Getting to Green 2020: Soil – The Foundation for Green Infrastructure
Nature has Designed a Partnership between Land and Water
In November 2010, the British Columbia Landscape Architects Architects Association hosted a Landscape Café in Vancouver. Featured speaker Peter MacDonagh discussed the importance of restoring and protecting healthy soils as the foundation for green infrastructure.
“With increasing development, impervious area, and water and air pollution, soils become increasingly important in urban areas,” states Peter MacDonagh. “Key functions provided by soil include holding rain that falls on the soil as well as surrounding impervious surfaces, filtering pollutants out of stormwater, and providing rooting structure for vegetation, which in turn provides benefits, such as, for example, evaporative cooling that reduces the urban heat island effect, air filtering, additional stormwater cleansing and interception, as well increased property values.”
Mr. MacDonagh showed a number of case studies that highlighted the importance of soil in green infrastructure, including:
- Lakeshore and stream soil bioengineering projects that protect soil by stabilizing shorelines with deep-rooted native plants and natural channel design
- Stormwater wetlands that detain and filter large quantities of stormwater
- Raingarden projects that hold and filter stormwater on a smaller scale
- Green roof projects, which provide an absorbent layer on roof surfaces where space is not available at grade and also double to triple roofing membrane lifespan, as well as reduce building cooling needs.

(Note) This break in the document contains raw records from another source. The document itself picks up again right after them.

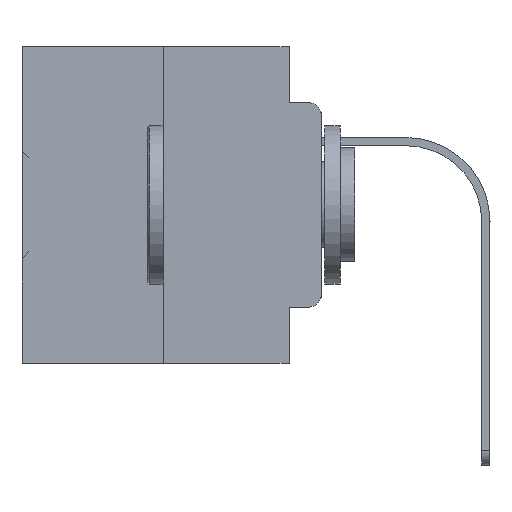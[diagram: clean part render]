
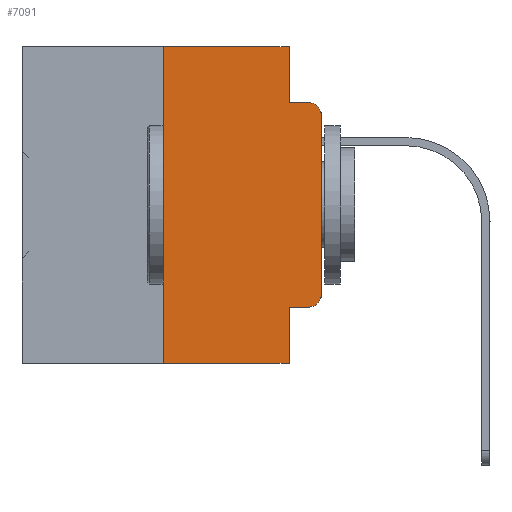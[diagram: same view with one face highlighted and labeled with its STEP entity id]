
A CAD part, left-side view. The second image highlights one B-rep face of the part: STEP entity #7091.
In plain terms, the highlighted planar face has unit normal (-1, 0, 0).
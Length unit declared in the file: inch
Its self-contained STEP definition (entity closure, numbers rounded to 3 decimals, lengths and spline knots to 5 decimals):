
#438 = ORIENTED_EDGE ( 'NONE', *, *, #26751, .T. ) ;
#1423 = DIRECTION ( 'NONE',  ( 0., -1., 0. ) ) ;
#1497 = DIRECTION ( 'NONE',  ( 0., 0., -1. ) ) ;
#1511 = CARTESIAN_POINT ( 'NONE',  ( 0., 0.02, -0.0885 ) ) ;
#1909 = CARTESIAN_POINT ( 'NONE',  ( 0., 0.051, -0.4115 ) ) ;
#2949 = LINE ( 'NONE', #14432, #12625 ) ;
#3598 = VECTOR ( 'NONE', #25127, 39.37008 ) ;
#4202 = VECTOR ( 'NONE', #1423, 39.37008 ) ;
#4270 = VECTOR ( 'NONE', #32155, 39.37008 ) ;
#4555 = CARTESIAN_POINT ( 'NONE',  ( 0., 0.051, -0.4115 ) ) ;
#4609 = ORIENTED_EDGE ( 'NONE', *, *, #16920, .F. ) ;
#4857 = CARTESIAN_POINT ( 'NONE',  ( 0., 0.051, -0.0885 ) ) ;
#5021 = VERTEX_POINT ( 'NONE', #27912 ) ;
#5764 = DIRECTION ( 'NONE',  ( -1., 0., 0. ) ) ;
#5911 = AXIS2_PLACEMENT_3D ( 'NONE', #24302, #10220, #33151 ) ;
#6795 = LINE ( 'NONE', #20712, #4270 ) ;
#7091 = ADVANCED_FACE ( 'NONE', ( #23881 ), #15812, .F. ) ;
#8303 = ORIENTED_EDGE ( 'NONE', *, *, #15673, .T. ) ;
#8764 = VERTEX_POINT ( 'NONE', #4555 ) ;
#9872 = VERTEX_POINT ( 'NONE', #34127 ) ;
#10220 = DIRECTION ( 'NONE',  ( -1., 0., 0. ) ) ;
#10299 = LINE ( 'NONE', #21772, #17333 ) ;
#10325 = EDGE_CURVE ( 'NONE', #8764, #27956, #6795, .T. ) ;
#10461 = LINE ( 'NONE', #33397, #28815 ) ;
#10627 = LINE ( 'NONE', #22102, #4202 ) ;
#10939 = VERTEX_POINT ( 'NONE', #4857 ) ;
#11429 = LINE ( 'NONE', #1909, #37013 ) ;
#12625 = VECTOR ( 'NONE', #14228, 39.37008 ) ;
#14228 = DIRECTION ( 'NONE',  ( 0., -1., 0. ) ) ;
#14432 = CARTESIAN_POINT ( 'NONE',  ( 0., 0.473, -0.5 ) ) ;
#15376 = EDGE_CURVE ( 'NONE', #9872, #22269, #10299, .T. ) ;
#15673 = EDGE_CURVE ( 'NONE', #22922, #9872, #23935, .T. ) ;
#15812 = PLANE ( 'NONE',  #20099 ) ;
#16221 = CARTESIAN_POINT ( 'NONE',  ( 0., 0.25, 0. ) ) ;
#16920 = EDGE_CURVE ( 'NONE', #18947, #5021, #10627, .T. ) ;
#16974 = ORIENTED_EDGE ( 'NONE', *, *, #24830, .F. ) ;
#17333 = VECTOR ( 'NONE', #30392, 39.37008 ) ;
#17457 = DIRECTION ( 'NONE',  ( 0., 0., -1. ) ) ;
#17948 = VECTOR ( 'NONE', #22530, 39.37008 ) ;
#18936 = CARTESIAN_POINT ( 'NONE',  ( 0., 0.051, -0.0885 ) ) ;
#18947 = VERTEX_POINT ( 'NONE', #16221 ) ;
#20099 = AXIS2_PLACEMENT_3D ( 'NONE', #26899, #27281, #1497 ) ;
#20712 = CARTESIAN_POINT ( 'NONE',  ( 0., 0.051, 0. ) ) ;
#20811 = ORIENTED_EDGE ( 'NONE', *, *, #15376, .T. ) ;
#21645 = VERTEX_POINT ( 'NONE', #1511 ) ;
#21772 = CARTESIAN_POINT ( 'NONE',  ( 0., 0., 0. ) ) ;
#21937 = ORIENTED_EDGE ( 'NONE', *, *, #25799, .F. ) ;
#22102 = CARTESIAN_POINT ( 'NONE',  ( 0., 0.473, 0. ) ) ;
#22269 = VERTEX_POINT ( 'NONE', #31306 ) ;
#22367 = ORIENTED_EDGE ( 'NONE', *, *, #10325, .F. ) ;
#22408 = ORIENTED_EDGE ( 'NONE', *, *, #26672, .T. ) ;
#22530 = DIRECTION ( 'NONE',  ( 0., 0., -1. ) ) ;
#22922 = VERTEX_POINT ( 'NONE', #27482 ) ;
#23881 = FACE_OUTER_BOUND ( 'NONE', #34966, .T. ) ;
#23935 = CIRCLE ( 'NONE', #5911, 0.02 ) ;
#24302 = CARTESIAN_POINT ( 'NONE',  ( 0., 0.02, -0.3915 ) ) ;
#24676 = DIRECTION ( 'NONE',  ( 0., -1., 0. ) ) ;
#24830 = EDGE_CURVE ( 'NONE', #5021, #10939, #25367, .T. ) ;
#25127 = DIRECTION ( 'NONE',  ( 0., -1., 0. ) ) ;
#25367 = LINE ( 'NONE', #28734, #17948 ) ;
#25451 = EDGE_CURVE ( 'NONE', #30230, #27956, #2949, .T. ) ;
#25696 = EDGE_CURVE ( 'NONE', #10939, #21645, #36597, .T. ) ;
#25799 = EDGE_CURVE ( 'NONE', #30230, #18947, #10461, .T. ) ;
#25903 = CARTESIAN_POINT ( 'NONE',  ( 0., 0.02, -0.1085 ) ) ;
#26672 = EDGE_CURVE ( 'NONE', #8764, #22922, #11429, .T. ) ;
#26751 = EDGE_CURVE ( 'NONE', #22269, #21645, #32203, .T. ) ;
#26899 = CARTESIAN_POINT ( 'NONE',  ( 0., 0.473, 0. ) ) ;
#27281 = DIRECTION ( 'NONE',  ( 1., 0., 0. ) ) ;
#27482 = CARTESIAN_POINT ( 'NONE',  ( 0., 0.02, -0.4115 ) ) ;
#27689 = CARTESIAN_POINT ( 'NONE',  ( 0., 0.051, -0.5 ) ) ;
#27912 = CARTESIAN_POINT ( 'NONE',  ( 0., 0.051, 0. ) ) ;
#27956 = VERTEX_POINT ( 'NONE', #27689 ) ;
#28734 = CARTESIAN_POINT ( 'NONE',  ( 0., 0.051, 0. ) ) ;
#28815 = VECTOR ( 'NONE', #30750, 39.37008 ) ;
#30230 = VERTEX_POINT ( 'NONE', #34486 ) ;
#30392 = DIRECTION ( 'NONE',  ( 0., 0., 1. ) ) ;
#30750 = DIRECTION ( 'NONE',  ( 0., 0., 1. ) ) ;
#31306 = CARTESIAN_POINT ( 'NONE',  ( 0., 0., -0.1085 ) ) ;
#32013 = ORIENTED_EDGE ( 'NONE', *, *, #25696, .F. ) ;
#32155 = DIRECTION ( 'NONE',  ( 0., 0., -1. ) ) ;
#32203 = CIRCLE ( 'NONE', #34630, 0.02 ) ;
#33151 = DIRECTION ( 'NONE',  ( 0., 0., -1. ) ) ;
#33397 = CARTESIAN_POINT ( 'NONE',  ( 0., 0.25, 0. ) ) ;
#34127 = CARTESIAN_POINT ( 'NONE',  ( 0., 0., -0.3915 ) ) ;
#34197 = ORIENTED_EDGE ( 'NONE', *, *, #25451, .T. ) ;
#34486 = CARTESIAN_POINT ( 'NONE',  ( 0., 0.25, -0.5 ) ) ;
#34630 = AXIS2_PLACEMENT_3D ( 'NONE', #25903, #5764, #17457 ) ;
#34966 = EDGE_LOOP ( 'NONE', ( #20811, #438, #32013, #16974, #4609, #21937, #34197, #22367, #22408, #8303 ) ) ;
#36597 = LINE ( 'NONE', #18936, #3598 ) ;
#37013 = VECTOR ( 'NONE', #24676, 39.37008 ) ;

- Urban forest projects that grow large trees and intercept as well as treat stormwater, even in urban areas dominated by paved surfaces, by providing large rooting volumes under suspended pavements.
All of these projects also increase aesthetic value as well as wildlife habitat value.
Getting to Green 2020
“Getting to Green 2020” is a set of goals to propel Vancouver to the top as the World's greenest city. In 2010, Mercer's ranked Vancouver as the world's #13 EcoCity. Green Infrastructure is heavily featured.
The Urban Forest goals for 2020 include the following: “the world's most extraordinary urban forest” & “150,000 new trees planted within the city”.
To Learn More
For an overview of the Landscape Café, click on Soil – The Foundation for Green Infrastructure. Any city that intends to thrive in a diminished oil and changing climate future will need to husband its soil resource, diverse perennial vegetation and the moisture which keeps it healthy.
About Peter MacDonagh:
Peter MacDonagh co-founded and is the Director of Science and Design of The Kestrel Design Group in Minneapolis, Minnesota. A native of Ireland, he is a recognized authority on sustainable landscape architecture and soil bioengineering, and is widely sought for his expertise in urban stormwater, green roofs, and urban trees.
“These days we’re all hearing about 'Green', but few people realize to be really 'Green' you must be 'Blue' too! Nature has designed a partnership between land ('Green') and water ('Blue') where each benefits the other,” states Peter MacDonagh.